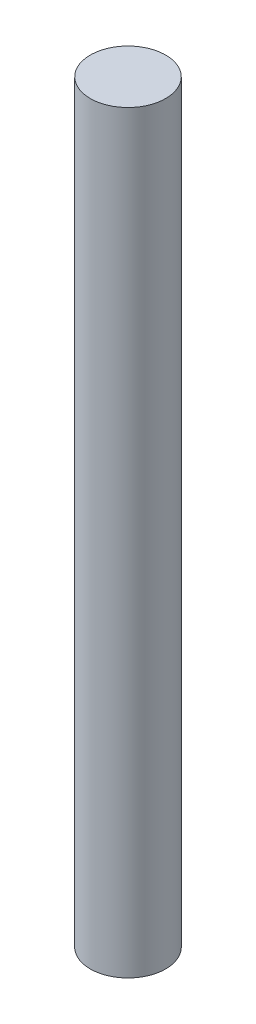
SolidWorks part; units mm, degrees
ref_plane "Front" through (0, 0, 0) normal (0, 0, 1) x (1, 0, 0)
ref_plane "Top" through (0, 0, 0) normal (0, 1, 0) x (1, 0, 0)
ref_plane "Right" through (0, 0, 0) normal (1, 0, 0) x (0, 0, -1)
sketch "草图1" plane through (0, 0, 0) normal (0, 1, 0) x (1, 0, 0)
  circle A0 centre (0, 0) radius 4
  dimension "D1" = 8
extrude "凸台-拉伸1" add sketch "草图1" along normal blind 80
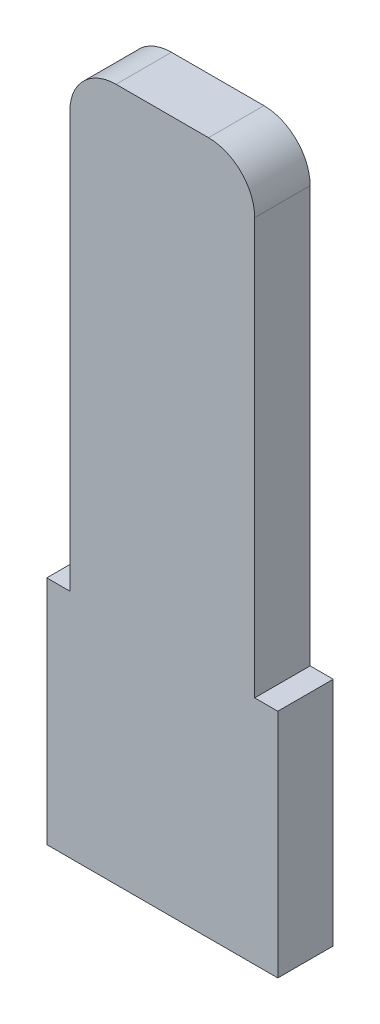
SolidWorks part; units mm, degrees
ref_plane "Ebene vorne" through (0, 0, 0) normal (0, 0, 1) x (1, 0, 0)
ref_plane "Ebene oben" through (0, 0, 0) normal (0, 1, 0) x (1, 0, 0)
ref_plane "Ebene rechts" through (0, 0, 0) normal (1, 0, 0) x (0, 0, -1)
sketch "glider-sketch" plane through (0, 0, 0) normal (0, 0, 1) x (1, 0, 0)
  line L1 (-2.5, 2.5) -> (-2, 2.5)
  line L2 (-2.5, 2.5) -> (-2.5, -2.5)
  line L3 (-2.5, -2.5) -> (2.5, -2.5)
  line L4 (2.5, 2.5) -> (2.5, -2.5)
  line L7 (2, 2.5) -> (2.5, 2.5)
  line L9 (-2, 2.5) -> (-2, 12.5)
  line L10 (-2, 12.5) -> (2, 12.5)
  line L11 (2, 2.5) -> (2, 12.5)
  point P0 (0, 0)
  dimension "D1" = 5
  dimension "D2" = 5
  dimension "D5" = 10
  dimension "D6" = 4
extrude "Aufsatz-Linear austragen1" add sketch "glider-sketch" along normal mid plane 1.2
fillet "Verrundung1" radius 1 1 edges at (2, 12.5, 0)
fillet "Verrundung2" radius 1 1 edges at (-2, 12.5, 0)

________________________________________

- What the task asks -
Based on the entries above, give the number of lines with the string "Ebene" and no further text.

- Problem solution -
3